[Given records Boundary: Start]

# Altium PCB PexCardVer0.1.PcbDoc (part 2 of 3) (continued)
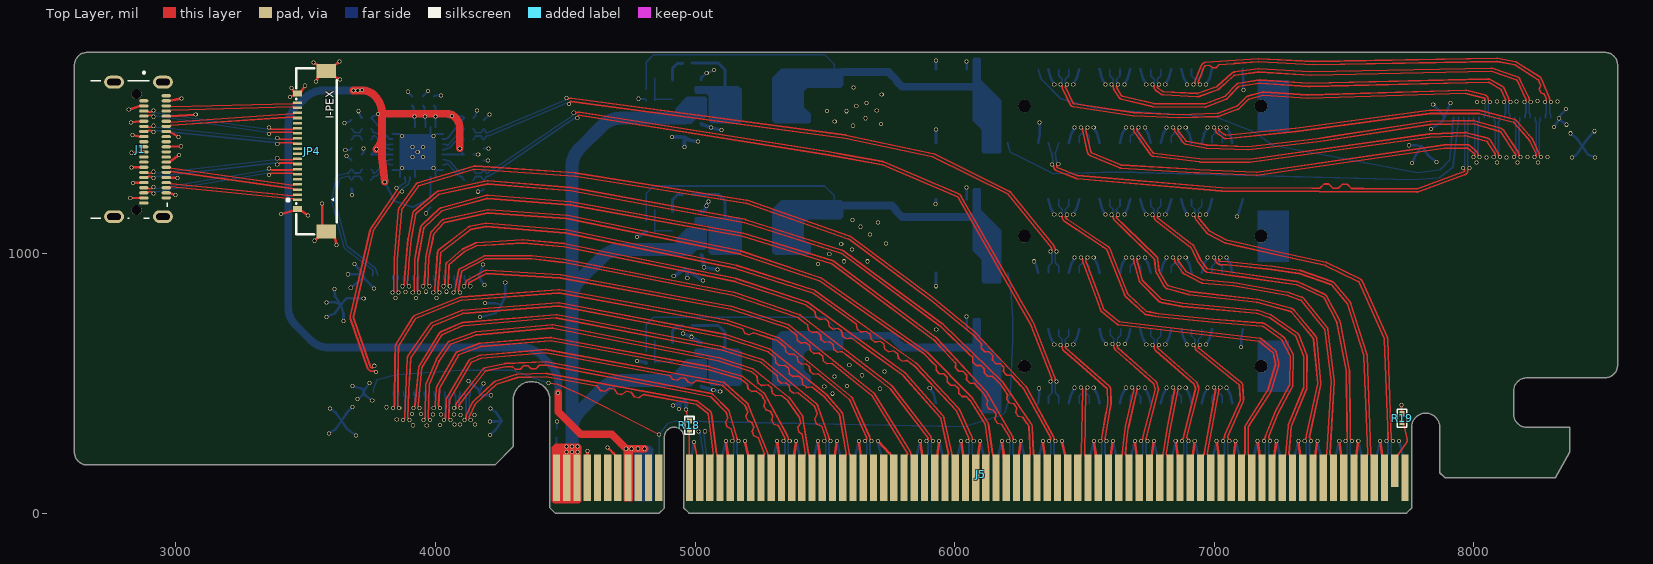
[diagram p0: Top Layer view]
## Nets (pads, with @x,y where several pads share a name; then routed paths per layer and width w, separated by ;. In a path a pad name is that pad's centre, name@x,y a point inside that pad or via, vN(x,y) a via of type N, cw(c..) or ccw(c..) an arc to the next point about the centre after c; other vN are vias at no path point) (continued)
  Bottom Layer w6.38: v1(4072.56,405.56) 4072.56,407.97 4078.57,413.98 4078.57,434.89 ; JP3.4@4074.95,466.5 4074.95,453.7 4078.61,450.06 4078.61,434.92 ; v1(5167.82,278.59) 5167.82,276.19 5161.8,270.17 5161.8,225.57 5175.3,212.08 J5.A17@5175.3,136.08
RX0_P: J5.A16 JP3.3 | length 1507.9
  Top Layer w6.38: v1(4096.96,405.31) 4092.83,409.55 cw(c4097.42,413.98) 4091.05,413.64 cw(c4097.42,413.98) 4091.04,414.05 cw(c4097.42,413.98) 4092.38,417.9 4193.05,547.25 4268.73,563.89 cw(c4270.1,557.66) 4269.8,564.03 4277.74,564.36 4295.72,565.1 4308.68,553.15 4326.67,553.89 4338.61,566.85 4356.59,567.59 4369.56,555.65 4387.54,556.39 4399.48,569.35 4416,570.03 4419.62,570.17 4425.27,570.41 4983.21,463.3 5060.47,448.47 5118.94,389.83 cw(c5114.42,385.32) 5120.53,387.15 5121.48,383.93 5126.52,366.65 5117.75,350.65 5122.79,333.37 5138.79,324.6 5145.98,299.99 5149.17,289.06 cw(c5143.04,287.27) 5147.57,282.77 v1(5143.41,278.59)
  Bottom Layer w6.38: 4090.95,429.76 4090.95,413.73 4096.96,407.72 v1(4096.96,405.31) ; 4090.99,429.8 4090.99,450.06 4094.64,453.7 JP3.3@4094.64,466.5 ; J5.A16@5135.93,136.08 5135.93,212.08 5149.42,225.57 5149.42,270.17 5143.41,276.19 v1(5143.41,278.59)
RX1_N: J5.A22 JP3.8 | length 1891.6
  Top Layer w6.38: v1(3993.82,405.56) 3998.01,409.69 ccw(c3993.54,414.24) 3999.92,414.17 ; 3999.92,414.21 cw(c4012.3,414.05) 3999.92,414.27 cw(c4018.68,413.98) 3999.95,415.04 4003.56,479.14 cw(c4022.3,478.18) 4005.95,487.38 4078.31,615.82 cw(c4089.1,609.75) 4084.7,621.32 4168.78,653.25 cw(c4175.44,635.72) 4173.75,654.4 cw(c4174.9,642.07) 4173.9,654.41 4443.2,676.26 cw(c4444.72,657.56) 4447.86,676.06 cw(c4445.83,663.85) 4448.07,676.02 5053.5,564.67 5054.41,564.5 5181.55,527.88 5184.39,525.69 5263.67,464.32 cw(c5252.18,449.48) 5268.6,458.57 cw(c5257.78,452.54) 5268.67,458.43 5356.4,296.19 cw(c5339.89,287.27) 5358.65,287.27 ccw(c5365.03,287.27) 5360.51,282.77 v1(5364.67,278.59)
  Bottom Layer w6.38: v1(3993.82,405.56) 3993.82,407.97 3999.83,413.98 3999.83,434.89 3999.86,450.06 3996.22,453.7 JP3.8@3996.22,466.5 ; v1(5364.67,278.59) 5364.67,276.19 5358.65,270.17 5358.65,225.57 5372.15,212.08 J5.A22@5372.15,136.08
RX1_P: J5.A21 JP3.7 | length 1883.2
  Top Layer w6.38: v1(4018.22,405.31) 4014.09,409.55 cw(c4018.68,413.98) 4012.3,414.05 cw(c4018.68,413.98) 4012.31,414.34 4015.92,478.48 cw(c4022.3,478.18) 4016.73,481.3 4089.1,609.75 4173.18,641.68 cw(c4175.44,635.72) 4174.9,642.07 4444.2,663.92 cw(c4444.72,657.56) 4445.83,663.85 5050.66,552.61 5051.57,552.44 5175.85,516.64 5178.69,514.45 5187.69,507.48 5201.92,496.46 5204.1,479.39 5218.33,468.37 5235.4,470.55 5251.08,458.4 5256.09,454.53 cw(c5252.18,449.48) 5257.78,452.54 5261.56,445.55 5270.13,429.72 5265.21,413.24 5273.78,397.4 5290.25,392.49 5299.67,375.08 5294.76,358.6 5303.32,342.77 5319.8,337.85 5340.94,298.75 5345.51,290.3 cw(c5339.89,287.27) 5344.42,282.77 v1(5340.26,278.59)
  Bottom Layer w6.38: 4012.21,429.76 4012.21,413.73 4018.22,407.72 v1(4018.22,405.31) ; 4012.24,429.8 4012.24,450.06 4015.89,453.7 JP3.7@4015.89,466.5 ; J5.A21@5332.78,136.08 5332.78,212.08 5346.27,225.57 5346.27,270.17 5340.26,276.19 v1(5340.26,278.59)
RX2_N: J5.A26 JP3.12 | length 2226.1
  Top Layer w6.38: v1(3915.08,405.56) v1@3919.27,409.69 ; v1@3919.28,409.7 ccw(c3914.8,414.24) 3921.18,414.17 ; 3921.18,414.21 cw(c3933.56,414.05) 3921.18,414.27 cw(c3939.94,413.98) 3921.27,415.85 3935.81,561.37 cw(c3948.13,560.15) 3937.54,566.56 cw(c3948.13,560.15) 3937.56,566.6 4014.72,692.81 cw(c4025.29,686.35) 4019.75,697.43 cw(c4025.29,686.35) 4020.29,697.68 4100.06,732.9 cw(c4107.64,715.73) 4105.83,734.41 cw(c4107.07,722.09) 4106.04,734.43 4464.14,764.25 cw(c4465.7,745.56) 4469,764.03 cw(c4466.87,751.83) 4469.22,763.99 5108.03,640.21 cw(c5104.46,621.79) 5109.92,639.74 cw(c5106.35,627.89) 5110.1,639.69 5256.61,593.14 cw(c5250.93,575.26) 5262.66,589.91 cw(c5254.95,580.22) 5262.81,589.78 5467.59,421.38 cw(c5455.67,406.89) 5473.29,413.35 cw(c5461.68,409.04) 5473.37,413.11 5515.09,293.45 cw(c5497.37,287.27) 5516.13,287.27 ccw(c5522.51,287.27) 5517.99,282.77 v1(5522.15,278.59)
  Bottom Layer w6.38: v1(3915.08,405.56) 3915.08,407.97 3921.09,413.98 3921.09,434.89 3921.12,450.06 3917.47,453.7 JP3.12@3917.47,466.5 ; v1(5522.15,278.59) 5522.15,276.19 5516.13,270.17 5516.13,225.57 5529.63,212.08 J5.A26@5529.63,136.08
RX2_P: J5.A25 JP3.11 | length 2221.7
  Top Layer w6.38: v1(3939.48,405.31) 3935.35,409.55 cw(c3939.94,413.98) 3933.56,414.05 cw(c3939.94,413.98) 3933.59,414.62 3948.13,560.15 4025.29,686.35 4105.06,721.57 cw(c4107.64,715.73) 4107.07,722.09 4465.17,751.92 cw(c4465.7,745.56) 4466.87,751.83 5105.68,628.06 cw(c5104.46,621.79) 5106.35,627.89 5252.86,581.35 cw(c5250.93,575.26) 5254.95,580.22 5302.64,541 5316.54,529.56 5318.25,512.07 5332.15,500.64 5349.65,502.34 5363.55,490.91 5365.26,473.41 5379.16,461.98 5396.65,463.68 5436.86,430.62 5459.73,411.81 cw(c5455.67,406.89) 5461.68,409.04 5464.99,399.53 5470.92,382.53 5460.9,361.8 5466.83,344.8 5487.57,334.78 5499.21,301.38 5503.4,289.37 cw(c5497.37,287.27) 5501.9,282.77 v1(5497.74,278.59)
  Bottom Layer w6.38: 3933.47,429.76 3933.47,413.73 3939.48,407.72 v1(3939.48,405.31) ; 3933.51,429.8 3933.51,450.06 3937.16,453.7 JP3.11@3937.16,466.5 ; J5.A25@5490.26,136.08 5490.26,212.08 5503.75,225.57 5503.75,270.17 5497.74,276.19 v1(5497.74,278.59)
RX3_N: J5.A30 JP3.16 | length 2582.5
  Top Layer w6.38: v1(3836.34,405.56) 3840.53,409.69 ccw(c3836.06,414.24) 3842.44,414.16 ; 3842.44,414.18 3844.35,594.16 cw(c3856.73,594.01) 3844.36,594.3 ; 3844.36,594.33 3845.58,640.59 cw(c3864.34,640.13) 3848.33,649.92 3912.36,754.66 cw(c3928.37,744.87) 3921.25,762.23 cw(c3925.98,750.79) 3921.4,762.29 4094.56,831.15 cw(c4101.49,813.71) 4099.85,832.4 cw(c4100.98,820.07) 4100.06,832.42 4474.3,860.28 cw(c4475.7,841.57) 4478.84,860.06 cw(c4476.8,847.85) 4479.02,860.03 5126.78,742.25 cw(c5123.43,723.79) 5129.28,741.62 cw(c5125.46,729.84) 5129.5,741.54 5321.95,675.07 cw(c5315.87,657.32) 5327.6,671.96 cw(c5319.88,662.28) 5327.71,671.87 5602.77,447.25 cw(c5590.91,432.72) 5607.98,440.5 cw(c5596.73,435.33) 5608.06,440.31 5672.03,294.82 cw(c5654.86,287.27) 5673.62,287.27 ccw(c5680,287.27) 5675.47,282.77 v1(5679.63,278.59)
  Bottom Layer w6.38: v1(3836.34,405.56) 3836.34,407.97 3842.35,413.98 3842.35,434.89 ; JP3.16@3838.74,466.5 3838.74,453.7 3842.39,450.06 3842.39,434.92 ; v1(5679.63,278.59) 5679.63,276.19 5673.62,270.17 5673.62,225.57 5687.11,212.08 J5.A30@5687.11,136.08
RX3_P: J5.A29 JP3.15 | length 2585
  Top Layer w6.38: 3854.82,414.07 ccw(c3861.2,413.98) 3856.61,409.55 v1(3860.74,405.31) ; 3854.82,414.09 3855.9,516.04 3856.73,594 3857.96,640.27 cw(c3864.34,640.13) 3858.89,643.46 3922.93,748.2 cw(c3928.37,744.87) 3925.98,750.79 4099.1,819.63 cw(c4101.49,813.71) 4100.98,820.07 4475.22,847.93 cw(c4475.7,841.57) 4476.8,847.85 5124.57,730.07 cw(c5123.43,723.79) 5125.46,729.84 5166.05,715.82 5183.06,709.94 5191.26,693.09 5208.27,687.22 5225.12,695.41 5291.2,672.59 5317.95,663.35 cw(c5315.87,657.32) 5319.88,662.28 5333.82,650.9 5347.76,639.51 5349.48,622.5 5363.42,611.12 5380.43,612.84 5394.37,601.45 5396.09,584.44 5410.03,573.05 5427.04,574.77 5440.99,563.39 5442.7,546.38 5456.64,534.99 5473.65,536.71 5493.61,520.42 5594.97,437.64 ; 5594.98,437.64 cw(c5590.91,432.72) 5596.73,435.33 5660.7,289.84 cw(c5654.86,287.27) 5659.38,282.77 v1(5655.22,278.59)
  Bottom Layer w6.38: 3854.73,429.76 3854.73,413.73 3860.74,407.72 v1(3860.74,405.31) ; 3854.76,429.8 3854.76,450.06 3858.41,453.7 JP3.15@3858.41,466.5 ; J5.A29@5647.74,136.08 5647.74,212.08 5661.24,225.57 5661.24,270.17 5655.22,276.19 v1(5655.22,278.59)
RX4_N: J5.A36 JP2.4 | length 2376.9
  Top Layer w6.38: v1(4070.49,850) 4074.64,854.18 ccw(c4070.12,858.68) 4076.5,858.68 cw(c4095.26,858.68) 4076.77,861.87 4089.12,933.23 cw(c4101.32,931.12) 4095.53,942.06 4186.56,990.18 cw(c4192.35,979.23) 4192.35,991.61 4371.09,991.61 ; 4371.14,991.61 cw(c4371.14,979.23) 4372.53,991.53 4461.2,981.5 4492.82,977.93 cw(c4491.38,965.63) 4493.69,977.79 ; 4493.74,977.79 5146.97,851.22 cw(c5143.4,832.8) 5149.21,850.64 cw(c5145.42,838.86) 5149.43,850.57 5402,764.04 cw(c5395.98,746.27) 5407.2,761.3 cw(c5399.84,751.35) 5407.41,761.15 5758.2,489.95 cw(c5746.68,475.15) 5761.35,486.83 cw(c5751.7,479.08) 5761.52,486.63 5905.95,298.7 cw(c5891.08,287.27) 5909.84,287.27 ccw(c5916.22,287.27) 5911.69,282.77 v1(5915.85,278.59)
  Bottom Layer w6.38: v1(4070.49,850) 4070.49,852.41 4076.5,858.42 4076.5,897.55 4072.85,901.21 JP2.4@4072.85,914 ; v1(5915.85,278.59) 5915.85,276.19 5909.84,270.17 5909.84,225.57 5923.33,212.08 J5.A36@5923.33,136.08
RX4_P: J5.A35 JP2.3 | length 2370
  Top Layer w6.38: v1(4094.89,850) 4090.72,854.19 cw(c4095.26,858.68) 4088.97,859.76 4101.32,931.12 4192.35,979.23 4371.14,979.23 4460.43,969.13 4491.38,965.63 5144.61,839.07 cw(c5143.4,832.8) 5145.42,838.86 5398.04,752.31 cw(c5395.98,746.27) 5399.84,751.35 5420.06,735.72 5434.3,724.71 5436.61,706.67 5450.85,695.66 5468.89,697.97 5483.13,686.96 5485.44,668.92 5499.68,657.91 5517.72,660.22 5531.96,649.21 5534.27,631.17 5548.51,620.16 5566.55,622.47 5582.4,610.22 5750.58,480.2 cw(c5746.68,475.15) 5751.7,479.08 5896.13,291.16 cw(c5891.08,287.27) 5895.6,282.77 v1(5891.44,278.59)
  Bottom Layer w6.38: JP2.3@4092.53,914 4092.53,901.21 4088.88,897.55 4088.88,858.42 4094.89,852.41 v1(4094.89,850) ; J5.A35@5883.96,136.08 5883.96,212.08 5897.46,225.57 5897.46,270.17 5891.44,276.19 v1(5891.44,278.59)
RX5_N: J5.A40 JP2.8 | length 2754.7
  Top Layer w6.38: v1(3991.75,850) 3995.9,854.18 ccw(c3991.38,858.68) 3997.76,858.68 cw(c4016.52,858.68) 3997.81,860.02 4008.21,1004.77 ; 4008.21,1004.79 cw(c4020.56,1003.89) 4013,1013.69 4127.58,1102.08 cw(c4135.14,1092.28) 4132.8,1104.43 4192.83,1115.99 cw(c4196.37,1097.57) 4197.76,1116.28 cw(c4196.87,1103.93) 4197.88,1116.27 4501.66,1091.36 cw(c4500.13,1072.66) 4503.72,1091.08 cw(c4501.39,1078.92) 4503.92,1091.04 5159.24,954.18 cw(c5155.4,935.81) 5160.95,953.73 cw(c5157.32,941.9) 5161.09,953.69 5459.85,858.07 cw(c5454.14,840.2) 5464.86,855.59 cw(c5457.82,845.41) 5465.04,855.47 5850.74,578.39 cw(c5839.8,563.15) 5853.32,576.15 cw(c5844.43,567.54) 5853.47,576 6016.45,401.86 cw(c6002.8,389) 6019.8,396.93 cw(c6008.6,391.65) 6019.89,396.73 6065.66,294.97 cw(c6048.56,287.27) 6067.32,287.27 ccw(c6073.7,287.27) 6069.17,282.77 v1(6073.33,278.59)
  Bottom Layer w6.38: v1(3991.75,850) 3991.75,852.41 3997.76,858.42 3997.76,897.55 3994.11,901.21 JP2.8@3994.11,914 ; v1(6073.33,278.59) 6073.33,276.19 6067.32,270.17 6067.32,225.57 6080.81,212.08 J5.A40@6080.81,136.08
RX5_P: J5.A39 JP2.7 | length 2761.5
  Top Layer w6.38: v1(4016.15,850) 4011.98,854.19 cw(c4016.52,858.68) 4010.16,859.13 4020.56,1003.89 4135.14,1092.28 4195.17,1103.83 cw(c4196.37,1097.57) 4196.87,1103.93 4500.65,1079.02 cw(c4500.13,1072.66) 4501.39,1078.92 5156.71,942.06 cw(c5155.4,935.81) 5157.32,941.9 5456.08,846.28 cw(c5454.14,840.2) 5457.82,845.41 5606.76,738.41 5621.38,727.91 5624.62,708.18 5639.23,697.68 5658.97,700.91 5675.05,689.36 5678.28,669.62 5692.9,659.12 5712.64,662.36 5727.26,651.86 5730.49,632.12 5745.11,621.62 5764.84,624.85 5780.92,613.3 5783.83,595.58 5798.45,585.08 5816.16,587.99 5816.23,587.93 5830.78,577.48 5843.52,568.33 cw(c5839.8,563.15) 5844.43,567.54 6007.46,393.35 cw(c6002.8,389) 6008.6,391.65 6054.37,289.89 cw(c6048.56,287.27) 6053.08,282.77 v1(6048.92,278.59)
  Bottom Layer w6.38: JP2.7@4013.79,914 4013.79,901.21 4010.14,897.55 4010.14,858.42 4016.15,852.41 v1(4016.15,850) ; J5.A39@6041.44,136.08 6041.44,212.08 6054.94,225.57 6054.94,270.17 6048.92,276.19 v1(6048.92,278.59)
RX6_N: J5.A44 JP2.12 | length 3125.6
  Top Layer w6.38: v1(3913.01,850) 3917.16,854.18 ccw(c3912.64,858.68) 3919.02,858.68 cw(c3937.78,858.68) 3919.02,858.93 3920.59,976.53 cw(c3932.96,976.37) 3920.77,978.53 cw(c3932.96,976.37) 3920.78,978.58 3942.5,1098.2 cw(c3960.96,1094.85) 3947.97,1108.39 cw(c3956.56,1099.47) 3948.07,1108.48 4015.38,1171.91 cw(c4028.25,1158.27) 4023.31,1176.37 4196.72,1223.65 cw(c4201.65,1205.55) 4202.88,1224.27 cw(c4202.11,1211.91) 4203.07,1224.26 4520.67,1199.36 cw(c4519.2,1180.66) 4522.42,1199.14 cw(c4520.32,1186.94) 4522.54,1199.12 5184.91,1078.23 cw(c5181.54,1059.77) 5186.75,1077.8 cw(c5183.36,1065.89) 5186.98,1077.73 5528.61,973.13 cw(c5523.11,955.19) 5534.1,970.4 cw(c5526.89,960.34) 5534.29,970.26 5925.96,678.24 cw(c5914.75,663.2) 5928.32,676.15 cw(c5919.39,667.58) 5928.45,676.02 6120.75,469.66 cw(c6107.02,456.87) 6123.12,466.5 cw(c6112.51,460.11) 6123.2,466.36 6222.27,296.68 ; 6222.27,296.67 cw(c6206.04,287.27) 6224.8,287.27 ccw(c6231.18,287.27) 6226.65,282.77 v1(6230.81,278.59)
  Bottom Layer w6.38: v1(3913.01,850) 3913.01,852.41 3919.02,858.42 3919.02,897.55 3915.37,901.21 JP2.12@3915.37,914 ; v1(6230.81,278.59) 6230.81,276.19 6224.8,270.17 6224.8,225.57 6238.29,212.08 J5.A44@6238.29,136.08
RX6_P: J5.A43 JP2.11 | length 3128.1
  Top Layer w6.38: v1(3937.41,850) 3933.24,854.19 cw(c3937.78,858.68) 3931.4,858.76 3932.79,963.2 3932.96,976.37 3954.68,1095.99 cw(c3960.96,1094.85) 3956.56,1099.47 4023.87,1162.91 cw(c4028.25,1158.27) 4026.58,1164.43 4199.97,1211.7 cw(c4201.65,1205.55) 4202.11,1211.91 4519.7,1187.02 cw(c4519.2,1180.66) 4520.32,1186.94 5182.67,1066.05 cw(c5181.54,1059.77) 5183.36,1065.89 5524.98,961.29 cw(c5523.11,955.19) 5526.89,960.34 5918.53,668.34 cw(c5914.75,663.2) 5919.39,667.58 5991.64,590.05 6003.91,576.88 6003.3,559.67 6015.57,546.5 6032.78,545.89 6046.28,531.41 6045.67,514.19 6057.95,501.03 6075.16,500.42 6089.28,485.26 6111.69,461.22 cw(c6107.02,456.87) 6112.51,460.11 6118.42,450 6127.49,434.45 6122.89,416.91 6131.96,401.37 6149.5,396.76 6159.48,379.66 6154.87,362.12 6163.95,346.58 6181.49,341.97 6205.77,300.37 6211.55,290.49 cw(c6206.04,287.27) 6210.56,282.77 v1(6206.4,278.59)
  Bottom Layer w6.38: JP2.11@3935.05,914 3935.05,901.21 3931.4,897.55 3931.4,858.42 3937.41,852.41 v1(3937.41,850) ; J5.A43@6198.92,136.08 6198.92,212.08 6212.42,225.57 6212.42,270.17 6206.4,276.19 v1(6206.4,278.59)
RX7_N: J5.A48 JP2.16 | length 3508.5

[Given records Boundary: End]

| Exercise prompt |
Retype, in the same exact form, the lines of the material above from the line holding "RX2_N: J5.A26 JP3.12 | length 2226.1" through the line holding "RX2_P: J5.A25 JP3.11 | length 2221.7".

| Response to the exercise |
RX2_N: J5.A26 JP3.12 | length 2226.1
  Top Layer w6.38: v1(3915.08,405.56) v1@3919.27,409.69 ; v1@3919.28,409.7 ccw(c3914.8,414.24) 3921.18,414.17 ; 3921.18,414.21 cw(c3933.56,414.05) 3921.18,414.27 cw(c3939.94,413.98) 3921.27,415.85 3935.81,561.37 cw(c3948.13,560.15) 3937.54,566.56 cw(c3948.13,560.15) 3937.56,566.6 4014.72,692.81 cw(c4025.29,686.35) 4019.75,697.43 cw(c4025.29,686.35) 4020.29,697.68 4100.06,732.9 cw(c4107.64,715.73) 4105.83,734.41 cw(c4107.07,722.09) 4106.04,734.43 4464.14,764.25 cw(c4465.7,745.56) 4469,764.03 cw(c4466.87,751.83) 4469.22,763.99 5108.03,640.21 cw(c5104.46,621.79) 5109.92,639.74 cw(c5106.35,627.89) 5110.1,639.69 5256.61,593.14 cw(c5250.93,575.26) 5262.66,589.91 cw(c5254.95,580.22) 5262.81,589.78 5467.59,421.38 cw(c5455.67,406.89) 5473.29,413.35 cw(c5461.68,409.04) 5473.37,413.11 5515.09,293.45 cw(c5497.37,287.27) 5516.13,287.27 ccw(c5522.51,287.27) 5517.99,282.77 v1(5522.15,278.59)
  Bottom Layer w6.38: v1(3915.08,405.56) 3915.08,407.97 3921.09,413.98 3921.09,434.89 3921.12,450.06 3917.47,453.7 JP3.12@3917.47,466.5 ; v1(5522.15,278.59) 5522.15,276.19 5516.13,270.17 5516.13,225.57 5529.63,212.08 J5.A26@5529.63,136.08
RX2_P: J5.A25 JP3.11 | length 2221.7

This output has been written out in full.